Hernán Drago había organizado una gran celebración para festejar sus 50 años, pero a último momento resolvió cambiar los planes. La decisión se conoció durante el fin de semana, cuando distintas fuentes confirmaron que el evento, tal como estaba previsto, no se llevará a cabo.
En un principio, el modelo y conductor planeaba una fiesta a gran escala, rodeado de amigos, colegas y personalidades del mundo artístico que marcaron su carrera. No obstante, con el correr de los días decidió resignificar la fecha y darle un enfoque más personal, apostando por proyectos y encuentros más íntimos, en sintonía con la etapa que atraviesa actualmente.

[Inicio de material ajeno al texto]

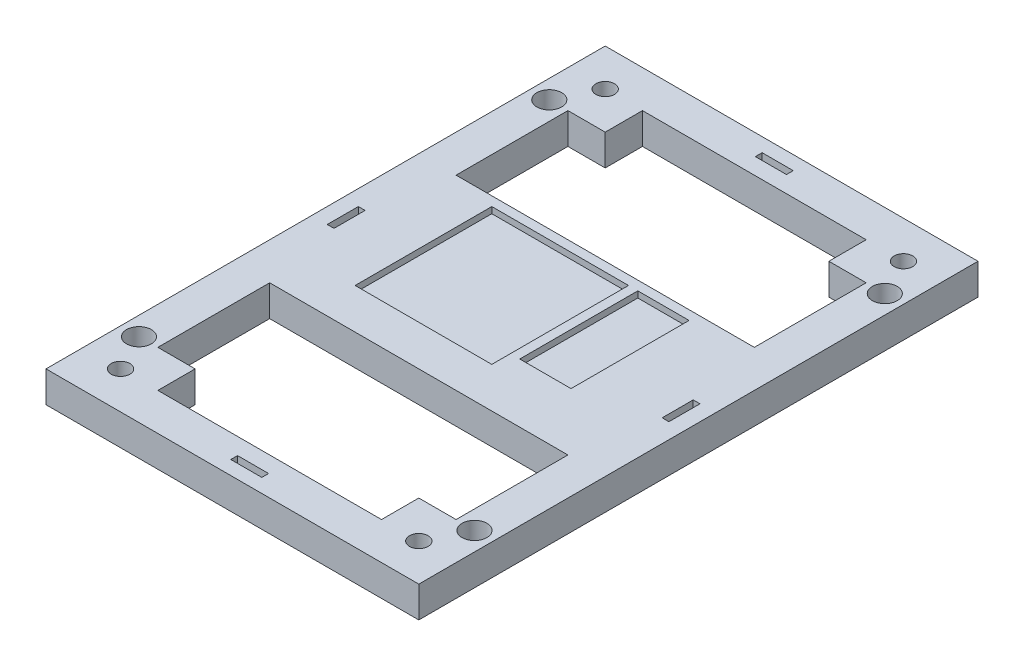
SolidWorks part; units mm, degrees
material "Acrylic (Medium-high impact)"
ref_plane "Front Plane" through (0, 0, 0) normal (0, 0, 1) x (1, 0, 0)
ref_plane "Top Plane" through (0, 0, 0) normal (0, 1, 0) x (1, 0, 0)
ref_plane "Right Plane" through (0, 0, 0) normal (1, 0, 0) x (0, 0, -1)
sketch "Sketch1" plane through (0, 0, 0) normal (0, 1, 0) x (1, 0, 0)
  line L0 (-175, -150) -> (-55, -150)
  line L1 (-55, -150) -> (-55, 30)
  line L2 (-55, 30) -> (-175, 30)
  line L3 (-175, 30) -> (-175, -150)
  line L4 (-163, 6) -> (-163, -126)
  line L5 (-151, -138) -> (-79, -138)
  line L6 (-67, -126) -> (-67, 6)
  line L7 (-79, 18) -> (-151, 18)
  line L8 (-163, 6) -> (-151, 6)
  line L9 (-151, 6) -> (-151, 18)
  line L10 (-79, 18) -> (-79, 6)
  line L11 (-79, 6) -> (-67, 6)
  line L12 (-67, -126) -> (-79, -126)
  line L13 (-79, -126) -> (-79, -138)
  line L14 (-163, -126) -> (-151, -126)
  line L15 (-151, -126) -> (-151, -138)
  line L16 (-115, -150) -> (-115, 30) construction
  line L17 (-55, -60) -> (-251.1486, -60) construction
  circle A0 centre (-163, -138) radius 3
  circle A1 centre (-67, -138) radius 3
  circle A2 centre (-163, 18) radius 3
  circle A3 centre (-67, 18) radius 3
  dimension "D16" = 6
  dimension "D2" = 180
  dimension "D3" = 12
  dimension "D4" = 12
  dimension "D5" = 12
  dimension "D6" = 12
  dimension "D7" = 12
  dimension "D8" = 12
  dimension "D9" = 12
  dimension "D10" = 12
  dimension "D11" = 12
  dimension "D12" = 12
  dimension "D13" = 12
  dimension "D14" = 12
  dimension "D15" = 12
  dimension "D17" = 120
extrude "Boss-Extrude1" add sketch "Sketch1" along normal blind 10
sketch "Sketch2" plane through (0, 0, 0) normal (0, 1, 0) x (1, 0, 0)
  line L0 (-163, -30) -> (-67, -30)
  line L1 (-175, -150) -> (-55, -150) construction
  line L2 (-163, -30) -> (-163, -90)
  line L3 (-163, 6) -> (-163, -126) construction
  line L4 (-67, -126) -> (-67, 6) construction
  line L5 (-67, -90) -> (-67, -30)
  line L6 (-163, -90) -> (-67, -90)
  point P1 (-163, -60)
  dimension "D1" = 90
  dimension "D2" = 60
  dimension "D3" = 60
extrude "Boss-Extrude2" add sketch "Sketch2" along normal blind 10
sketch "Sketch8" plane through (0, 10, 0) normal (0, 1, 0) x (1, 0, 0)
  line L0 (-175, 30) -> (-175, -150) construction
  line L1 (-169.9876, -54.4793) -> (-167.8096, -54.4793)
  line L2 (-169.9876, -54.4793) -> (-169.9876, -64.4793)
  line L3 (-169.9876, -64.4793) -> (-167.8096, -64.4793)
  line L4 (-167.8096, -54.4793) -> (-167.8096, -64.4793)
  line L5 (-169.9876, -54.4793) -> (-167.8096, -64.4793) construction
  line L6 (-169.9876, -64.4793) -> (-167.8096, -54.4793) construction
  line L7 (-151, 6) -> (-163, 6) construction
  line L8 (-115, -150) -> (-115, 65.8581) construction
  line L9 (-175, -150) -> (-110, -150) construction
  line L10 (-55, -60) -> (-196.2044, -60) construction
  line L15 (-175, -150) -> (-55, -150) construction
  line L16 (-60.0124, -64.4793) -> (-62.1904, -54.4793) construction
  line L21 (-120, 25.5242) -> (-110, 25.5242)
  line L22 (-120, 25.5242) -> (-120, 23.3442)
  line L23 (-120, 23.3442) -> (-110, 23.3442)
  line L24 (-110, 25.5242) -> (-110, 23.3442)
  line L25 (-120, 25.5242) -> (-110, 23.3442) construction
  line L26 (-120, 23.3442) -> (-110, 25.5242) construction
  line L28 (-60.0124, -54.4793) -> (-62.1904, -64.4793) construction
  line L37 (-62.1904, -54.4793) -> (-62.1904, -64.4793)
  line L38 (-60.0124, -64.4793) -> (-62.1904, -64.4793)
  line L39 (-60.0124, -54.4793) -> (-60.0124, -64.4793)
  line L40 (-60.0124, -54.4793) -> (-62.1904, -54.4793)
  line L41 (-55, -150) -> (-55, 30) construction
  line L42 (-120, -143.3442) -> (-110, -145.5242) construction
  line L43 (-120, -145.5242) -> (-110, -143.3442) construction
  line L44 (-110, -145.5242) -> (-110, -143.3442)
  line L45 (-120, -143.3442) -> (-110, -143.3442)
  line L46 (-120, -145.5242) -> (-120, -143.3442)
  line L47 (-120, -145.5242) -> (-110, -145.5242)
  circle A0 centre (-169, 6) radius 4
  circle A1 centre (-169, -126.0777) radius 4
  circle A8 centre (-61, -126.0777) radius 4
  circle A9 centre (-61, 6) radius 4
  point P0 (-168.8986, -59.4793)
  point P27 (-61.1014, -59.4793)
  point P30 (-115, 24.4342)
  point P42 (-115, -144.4342)
  dimension "D2" = 8
  dimension "D1" = 10
  dimension "D3" = 6
  dimension "D4" = 0
  dimension "D5" = 65
  dimension "D6" = 2.18
  dimension "D7" = 10
extrude "Cut-Extrude8" cut sketch "Sketch8" against normal through all
sketch "Sketch7" plane through (0, 10, 0) normal (0, 1, 0) x (1, 0, 0)
  line L1 (-101.5, -33) -> (-85, -33)
  line L2 (-101.5, -33) -> (-101.5, -71)
  line L3 (-101.5, -71) -> (-85, -71)
  line L4 (-85, -33) -> (-85, -71)
  line L5 (-101.5, -33) -> (-85, -71) construction
  line L6 (-101.5, -71) -> (-85, -33) construction
  line L9 (-55, -150) -> (-55, 30) construction
  line L10 (-67, -30) -> (-163, -30) construction
  line L11 (-115.0388, 30) -> (-115.0388, -212.6734) construction
  point P0 (-93.25, -52)
  dimension "D1" = 38
  dimension "D2" = 16.5
  dimension "D3" = 30
  dimension "D4" = 3
extrude "Cut-Extrude7" cut sketch "Sketch7" against normal blind 2
sketch "Sketch5" plane through (0, 10, 0) normal (0, 1, 0) x (1, 0, 0)
  line L0 (-67, -30) -> (-163, -30) construction
  line L1 (-148.5, -33) -> (-104.5, -33)
  line L2 (-148.5, -33) -> (-148.5, -77)
  line L3 (-148.5, -77) -> (-104.5, -77)
  line L4 (-104.5, -33) -> (-104.5, -77)
  line L5 (-148.5, -33) -> (-104.5, -77) construction
  line L6 (-148.5, -77) -> (-104.5, -33) construction
  line L8 (-101.5, -33) -> (-101.5, -71) construction
  point P0 (-126.5, -55)
  dimension "D1" = 44
  dimension "D2" = 44
  dimension "D3" = 3
  dimension "D4" = 3
extrude "Cut-Extrude5" cut sketch "Sketch5" against normal blind 2

De acuerdo con personas de su entorno, no se trató de una determinación repentina, sino del resultado de un proceso interno de reflexión de Hernán Drago sobre aquello que hoy considera verdaderamente significativo en su vida. En lugar de un festejo masivo, habría decidido inclinarse por reuniones más íntimas, compartidas con su círculo cercano y en un ámbito familiar.
Hace algunas semanas, Hernán Drago ya se había referido a sus prioridades personales y laborales, anticipando un giro en su manera de encarar esta etapa de su vida. “Voy a elegir momentos de plenitud que realmente me nutran, más allá de las formalidades de un evento social”, expresó en aquel momento.
El motivo por el que Hernán Drago canceló su cumpleaños 50
El año pasado, el modelo ya había hecho público un cambio trascendental en su vida: el deseo de instalarse en Bariloche para llevar un ritmo más ligado a la naturaleza y al tiempo con su familia. “Me voy a ir a Bariloche a vivir… ya lo hablé hace tiempo con mis hijos. Para mí el sur es Bariloche. No me hace falta cumplir años para irme. Entonces ahora trabajo, descanso, familia. Después, en su momento, veré cómo equiparo la ecuación laboral versus el descanso. Hoy le está ganando mucho la ecuación laboral. Pero hay etapas para todo, lo tengo claro”, explicó Drago en una entrevista con Pronto.

Ese anhelo de encontrar un mayor equilibrio también se manifestó en otros planos de su vida: la relación con sus hijos, las revisiones sobre su recorrido profesional y el cuidado de su bienestar emocional fueron ejes que atravesaron el cierre de sus cincuenta años. Ya no se trata únicamente de festejar una cifra, sino de pensar de qué manera encarar el futuro con mayor serenidad y propósito.
Aunque para algunos esta decisión pueda resultar sorpresiva, quienes lo rodean aseguran que Drago siempre se mantuvo coherente con sus convicciones y que este paso refleja un momento de madurez tanto personal como profesional. Al dar vuelta la página, el conductor dejó en evidencia que, muchas veces, lo esencial no pasa por la celebración en sí, sino por la forma de vivir y valorar cada etapa importante.